* TASK OBJECTIVE:
A single number is the answer here: how many lines below include "simulink"?

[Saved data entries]
%%

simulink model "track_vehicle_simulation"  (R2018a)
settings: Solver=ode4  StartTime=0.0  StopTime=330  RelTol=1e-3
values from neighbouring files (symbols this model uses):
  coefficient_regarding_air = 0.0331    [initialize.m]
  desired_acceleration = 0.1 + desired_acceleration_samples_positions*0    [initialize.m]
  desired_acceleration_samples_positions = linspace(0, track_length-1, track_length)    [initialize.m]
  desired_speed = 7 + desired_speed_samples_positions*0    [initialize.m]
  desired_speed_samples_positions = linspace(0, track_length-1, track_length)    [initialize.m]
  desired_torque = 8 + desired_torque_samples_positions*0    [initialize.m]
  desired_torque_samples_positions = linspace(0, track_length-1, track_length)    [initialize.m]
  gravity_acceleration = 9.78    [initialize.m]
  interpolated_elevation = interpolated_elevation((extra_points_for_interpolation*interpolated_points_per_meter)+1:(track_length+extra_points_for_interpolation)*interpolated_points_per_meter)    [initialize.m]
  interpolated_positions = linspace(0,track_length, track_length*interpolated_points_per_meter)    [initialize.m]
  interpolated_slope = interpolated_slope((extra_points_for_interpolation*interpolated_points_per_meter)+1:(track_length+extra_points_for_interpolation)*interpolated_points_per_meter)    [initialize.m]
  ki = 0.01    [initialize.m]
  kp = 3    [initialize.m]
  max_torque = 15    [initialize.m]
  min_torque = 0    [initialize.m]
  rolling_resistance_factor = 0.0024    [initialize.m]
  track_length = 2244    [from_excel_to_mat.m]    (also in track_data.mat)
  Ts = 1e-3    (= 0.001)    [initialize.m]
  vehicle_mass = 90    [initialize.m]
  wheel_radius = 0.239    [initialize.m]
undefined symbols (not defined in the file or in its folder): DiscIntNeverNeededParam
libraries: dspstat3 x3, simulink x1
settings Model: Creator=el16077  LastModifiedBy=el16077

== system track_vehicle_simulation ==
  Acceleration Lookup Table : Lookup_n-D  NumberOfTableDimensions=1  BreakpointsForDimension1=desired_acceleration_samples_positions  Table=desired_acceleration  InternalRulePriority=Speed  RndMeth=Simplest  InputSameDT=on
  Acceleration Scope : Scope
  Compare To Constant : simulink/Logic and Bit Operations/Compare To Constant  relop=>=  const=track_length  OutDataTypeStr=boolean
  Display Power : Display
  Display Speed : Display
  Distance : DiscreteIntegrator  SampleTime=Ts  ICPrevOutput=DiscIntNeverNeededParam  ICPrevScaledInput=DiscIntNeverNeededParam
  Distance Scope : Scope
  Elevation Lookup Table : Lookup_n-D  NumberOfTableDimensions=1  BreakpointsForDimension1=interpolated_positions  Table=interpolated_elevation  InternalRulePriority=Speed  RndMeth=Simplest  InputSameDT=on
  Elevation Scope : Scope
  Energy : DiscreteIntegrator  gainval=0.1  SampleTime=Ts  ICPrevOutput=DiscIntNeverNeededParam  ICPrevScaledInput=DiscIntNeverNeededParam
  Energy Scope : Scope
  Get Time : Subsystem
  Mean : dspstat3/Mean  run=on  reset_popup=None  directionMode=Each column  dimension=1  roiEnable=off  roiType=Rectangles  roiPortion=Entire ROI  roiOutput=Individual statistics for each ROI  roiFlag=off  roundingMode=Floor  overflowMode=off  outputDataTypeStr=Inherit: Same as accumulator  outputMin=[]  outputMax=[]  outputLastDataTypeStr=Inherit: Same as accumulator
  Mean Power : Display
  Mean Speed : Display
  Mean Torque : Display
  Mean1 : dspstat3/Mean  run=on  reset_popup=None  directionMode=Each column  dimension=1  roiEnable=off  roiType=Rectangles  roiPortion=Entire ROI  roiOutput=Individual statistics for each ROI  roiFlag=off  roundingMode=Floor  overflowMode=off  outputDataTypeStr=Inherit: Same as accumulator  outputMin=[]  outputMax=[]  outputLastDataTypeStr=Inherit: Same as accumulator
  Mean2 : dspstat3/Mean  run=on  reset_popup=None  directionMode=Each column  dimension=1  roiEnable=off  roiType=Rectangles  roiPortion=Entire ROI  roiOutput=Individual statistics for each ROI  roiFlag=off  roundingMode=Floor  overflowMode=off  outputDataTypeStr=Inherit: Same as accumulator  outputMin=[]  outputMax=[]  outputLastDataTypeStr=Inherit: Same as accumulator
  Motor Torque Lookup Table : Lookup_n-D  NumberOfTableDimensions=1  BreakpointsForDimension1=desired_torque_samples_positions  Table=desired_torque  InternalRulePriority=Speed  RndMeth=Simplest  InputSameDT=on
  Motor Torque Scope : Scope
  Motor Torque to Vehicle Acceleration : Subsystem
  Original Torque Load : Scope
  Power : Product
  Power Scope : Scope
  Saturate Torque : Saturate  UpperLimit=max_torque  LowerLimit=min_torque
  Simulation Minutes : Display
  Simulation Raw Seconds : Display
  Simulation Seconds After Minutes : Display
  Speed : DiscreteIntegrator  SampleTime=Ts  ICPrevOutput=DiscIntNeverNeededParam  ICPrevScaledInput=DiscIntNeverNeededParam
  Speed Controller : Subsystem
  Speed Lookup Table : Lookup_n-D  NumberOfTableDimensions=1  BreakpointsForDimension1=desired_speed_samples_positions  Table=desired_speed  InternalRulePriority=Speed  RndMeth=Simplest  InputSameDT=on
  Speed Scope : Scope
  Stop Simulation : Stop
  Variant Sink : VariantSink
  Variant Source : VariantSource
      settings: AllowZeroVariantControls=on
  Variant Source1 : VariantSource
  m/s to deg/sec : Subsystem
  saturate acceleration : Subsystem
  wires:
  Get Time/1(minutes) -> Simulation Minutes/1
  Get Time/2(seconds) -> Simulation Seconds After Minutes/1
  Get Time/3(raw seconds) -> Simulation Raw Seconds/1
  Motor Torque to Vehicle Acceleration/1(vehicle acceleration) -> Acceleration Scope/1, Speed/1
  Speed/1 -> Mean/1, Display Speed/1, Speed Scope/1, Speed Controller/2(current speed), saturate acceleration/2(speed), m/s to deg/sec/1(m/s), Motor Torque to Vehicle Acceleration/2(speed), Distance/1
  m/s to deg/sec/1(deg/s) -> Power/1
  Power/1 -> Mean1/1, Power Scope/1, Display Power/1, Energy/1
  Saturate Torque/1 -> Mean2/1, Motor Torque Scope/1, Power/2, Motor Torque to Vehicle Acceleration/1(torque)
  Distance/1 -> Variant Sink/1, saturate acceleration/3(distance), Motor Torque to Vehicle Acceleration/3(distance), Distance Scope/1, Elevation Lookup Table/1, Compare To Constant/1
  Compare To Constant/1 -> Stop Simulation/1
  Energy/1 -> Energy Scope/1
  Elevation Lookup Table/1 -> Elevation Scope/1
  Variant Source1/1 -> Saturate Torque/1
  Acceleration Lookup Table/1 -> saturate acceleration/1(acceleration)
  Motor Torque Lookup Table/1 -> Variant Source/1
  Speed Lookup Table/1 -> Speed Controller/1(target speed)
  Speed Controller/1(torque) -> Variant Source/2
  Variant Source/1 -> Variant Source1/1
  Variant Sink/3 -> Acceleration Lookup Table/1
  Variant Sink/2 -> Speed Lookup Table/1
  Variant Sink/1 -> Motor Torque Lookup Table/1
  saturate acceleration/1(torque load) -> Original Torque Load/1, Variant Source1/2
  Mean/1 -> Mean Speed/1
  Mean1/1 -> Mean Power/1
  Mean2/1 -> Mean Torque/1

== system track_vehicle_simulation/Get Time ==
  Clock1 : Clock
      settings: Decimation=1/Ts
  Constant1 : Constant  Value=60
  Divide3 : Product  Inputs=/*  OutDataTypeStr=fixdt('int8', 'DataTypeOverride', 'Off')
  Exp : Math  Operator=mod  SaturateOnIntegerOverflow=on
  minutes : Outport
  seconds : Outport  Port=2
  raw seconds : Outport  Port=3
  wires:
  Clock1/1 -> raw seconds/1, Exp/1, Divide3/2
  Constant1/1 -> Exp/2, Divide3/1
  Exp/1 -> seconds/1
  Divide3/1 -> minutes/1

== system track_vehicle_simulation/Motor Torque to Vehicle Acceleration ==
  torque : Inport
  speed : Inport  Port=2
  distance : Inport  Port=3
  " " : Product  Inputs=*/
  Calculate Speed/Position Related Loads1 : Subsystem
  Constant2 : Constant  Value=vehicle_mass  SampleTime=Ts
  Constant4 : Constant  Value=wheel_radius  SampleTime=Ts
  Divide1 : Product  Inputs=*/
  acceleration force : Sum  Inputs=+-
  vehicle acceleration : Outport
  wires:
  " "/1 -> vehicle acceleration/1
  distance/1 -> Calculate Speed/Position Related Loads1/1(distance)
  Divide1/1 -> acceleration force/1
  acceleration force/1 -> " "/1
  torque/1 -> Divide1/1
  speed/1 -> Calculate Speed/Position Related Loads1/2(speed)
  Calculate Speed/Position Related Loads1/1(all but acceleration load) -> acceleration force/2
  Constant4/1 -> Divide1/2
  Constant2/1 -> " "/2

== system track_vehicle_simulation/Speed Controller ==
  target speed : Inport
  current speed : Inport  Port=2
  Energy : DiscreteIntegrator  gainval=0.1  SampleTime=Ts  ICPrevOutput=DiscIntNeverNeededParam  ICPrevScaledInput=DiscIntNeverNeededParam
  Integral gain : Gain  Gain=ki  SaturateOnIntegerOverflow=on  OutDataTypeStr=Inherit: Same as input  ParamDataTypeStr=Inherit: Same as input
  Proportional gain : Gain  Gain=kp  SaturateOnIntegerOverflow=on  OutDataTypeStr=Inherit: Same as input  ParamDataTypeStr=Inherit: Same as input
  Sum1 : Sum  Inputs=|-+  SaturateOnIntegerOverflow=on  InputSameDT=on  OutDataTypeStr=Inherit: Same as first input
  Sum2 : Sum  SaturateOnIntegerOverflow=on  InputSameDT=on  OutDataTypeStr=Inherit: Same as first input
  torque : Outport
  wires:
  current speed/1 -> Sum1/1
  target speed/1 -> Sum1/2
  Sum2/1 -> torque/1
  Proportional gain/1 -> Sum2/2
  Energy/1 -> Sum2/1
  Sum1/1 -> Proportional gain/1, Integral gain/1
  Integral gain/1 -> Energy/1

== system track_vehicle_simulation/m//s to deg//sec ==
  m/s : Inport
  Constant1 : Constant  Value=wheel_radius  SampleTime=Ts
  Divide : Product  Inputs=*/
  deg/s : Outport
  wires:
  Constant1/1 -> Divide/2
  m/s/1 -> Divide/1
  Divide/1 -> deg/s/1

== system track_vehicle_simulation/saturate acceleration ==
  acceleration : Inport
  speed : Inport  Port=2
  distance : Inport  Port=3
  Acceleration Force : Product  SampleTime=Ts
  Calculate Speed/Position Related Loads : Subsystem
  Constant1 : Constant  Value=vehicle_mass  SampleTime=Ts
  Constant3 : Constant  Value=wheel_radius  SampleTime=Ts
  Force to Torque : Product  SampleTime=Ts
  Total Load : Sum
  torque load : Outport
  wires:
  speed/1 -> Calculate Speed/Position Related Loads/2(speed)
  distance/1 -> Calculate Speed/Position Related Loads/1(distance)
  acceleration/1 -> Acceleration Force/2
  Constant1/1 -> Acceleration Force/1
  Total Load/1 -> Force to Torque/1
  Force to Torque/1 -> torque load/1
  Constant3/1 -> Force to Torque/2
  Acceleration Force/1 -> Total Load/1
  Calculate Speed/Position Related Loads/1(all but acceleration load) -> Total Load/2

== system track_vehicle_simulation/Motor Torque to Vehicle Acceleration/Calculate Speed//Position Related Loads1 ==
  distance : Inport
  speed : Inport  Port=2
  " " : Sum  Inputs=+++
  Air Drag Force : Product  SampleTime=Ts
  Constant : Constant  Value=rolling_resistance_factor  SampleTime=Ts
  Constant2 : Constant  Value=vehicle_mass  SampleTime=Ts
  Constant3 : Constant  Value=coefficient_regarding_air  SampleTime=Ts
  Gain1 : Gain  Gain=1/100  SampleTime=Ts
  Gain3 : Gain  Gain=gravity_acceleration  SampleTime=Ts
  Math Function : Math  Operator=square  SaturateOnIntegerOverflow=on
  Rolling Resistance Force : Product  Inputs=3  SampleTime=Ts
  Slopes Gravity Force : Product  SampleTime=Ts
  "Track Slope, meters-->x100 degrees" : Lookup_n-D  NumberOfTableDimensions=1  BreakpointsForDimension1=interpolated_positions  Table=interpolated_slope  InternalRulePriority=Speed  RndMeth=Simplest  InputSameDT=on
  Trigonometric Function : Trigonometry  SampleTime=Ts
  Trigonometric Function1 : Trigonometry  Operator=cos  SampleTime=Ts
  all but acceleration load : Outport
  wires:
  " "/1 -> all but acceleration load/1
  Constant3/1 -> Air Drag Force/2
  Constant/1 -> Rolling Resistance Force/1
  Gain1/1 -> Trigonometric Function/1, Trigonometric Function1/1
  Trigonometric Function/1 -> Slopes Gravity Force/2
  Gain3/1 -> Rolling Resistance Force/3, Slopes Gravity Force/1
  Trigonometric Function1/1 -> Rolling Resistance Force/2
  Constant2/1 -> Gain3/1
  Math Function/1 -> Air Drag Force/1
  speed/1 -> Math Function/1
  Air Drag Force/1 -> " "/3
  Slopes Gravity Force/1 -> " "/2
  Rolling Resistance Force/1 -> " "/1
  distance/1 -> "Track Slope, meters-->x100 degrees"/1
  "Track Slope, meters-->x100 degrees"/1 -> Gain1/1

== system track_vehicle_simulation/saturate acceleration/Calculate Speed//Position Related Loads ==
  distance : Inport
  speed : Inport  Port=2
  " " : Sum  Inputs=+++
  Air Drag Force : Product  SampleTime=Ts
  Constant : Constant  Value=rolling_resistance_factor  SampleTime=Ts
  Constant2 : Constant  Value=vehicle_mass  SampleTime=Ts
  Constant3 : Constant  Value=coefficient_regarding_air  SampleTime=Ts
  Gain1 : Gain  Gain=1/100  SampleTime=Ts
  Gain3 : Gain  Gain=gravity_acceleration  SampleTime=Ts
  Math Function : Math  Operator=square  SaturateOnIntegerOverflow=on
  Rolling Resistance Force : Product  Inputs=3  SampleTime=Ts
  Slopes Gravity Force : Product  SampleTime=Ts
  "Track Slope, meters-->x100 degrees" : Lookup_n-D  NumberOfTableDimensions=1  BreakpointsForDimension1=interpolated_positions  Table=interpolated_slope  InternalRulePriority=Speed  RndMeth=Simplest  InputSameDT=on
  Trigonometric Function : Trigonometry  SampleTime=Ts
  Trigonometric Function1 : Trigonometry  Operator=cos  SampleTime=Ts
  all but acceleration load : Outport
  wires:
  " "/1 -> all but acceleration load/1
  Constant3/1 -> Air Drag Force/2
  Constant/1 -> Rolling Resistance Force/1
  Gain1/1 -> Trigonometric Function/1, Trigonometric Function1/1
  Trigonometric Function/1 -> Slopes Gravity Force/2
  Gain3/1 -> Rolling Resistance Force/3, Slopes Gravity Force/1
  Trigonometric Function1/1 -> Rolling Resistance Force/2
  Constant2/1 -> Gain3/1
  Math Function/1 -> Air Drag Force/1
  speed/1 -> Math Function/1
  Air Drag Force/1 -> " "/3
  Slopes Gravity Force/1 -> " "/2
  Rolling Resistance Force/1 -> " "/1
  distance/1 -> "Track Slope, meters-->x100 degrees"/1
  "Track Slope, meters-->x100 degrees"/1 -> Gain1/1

%%

* EXERCISE ANSWER:
3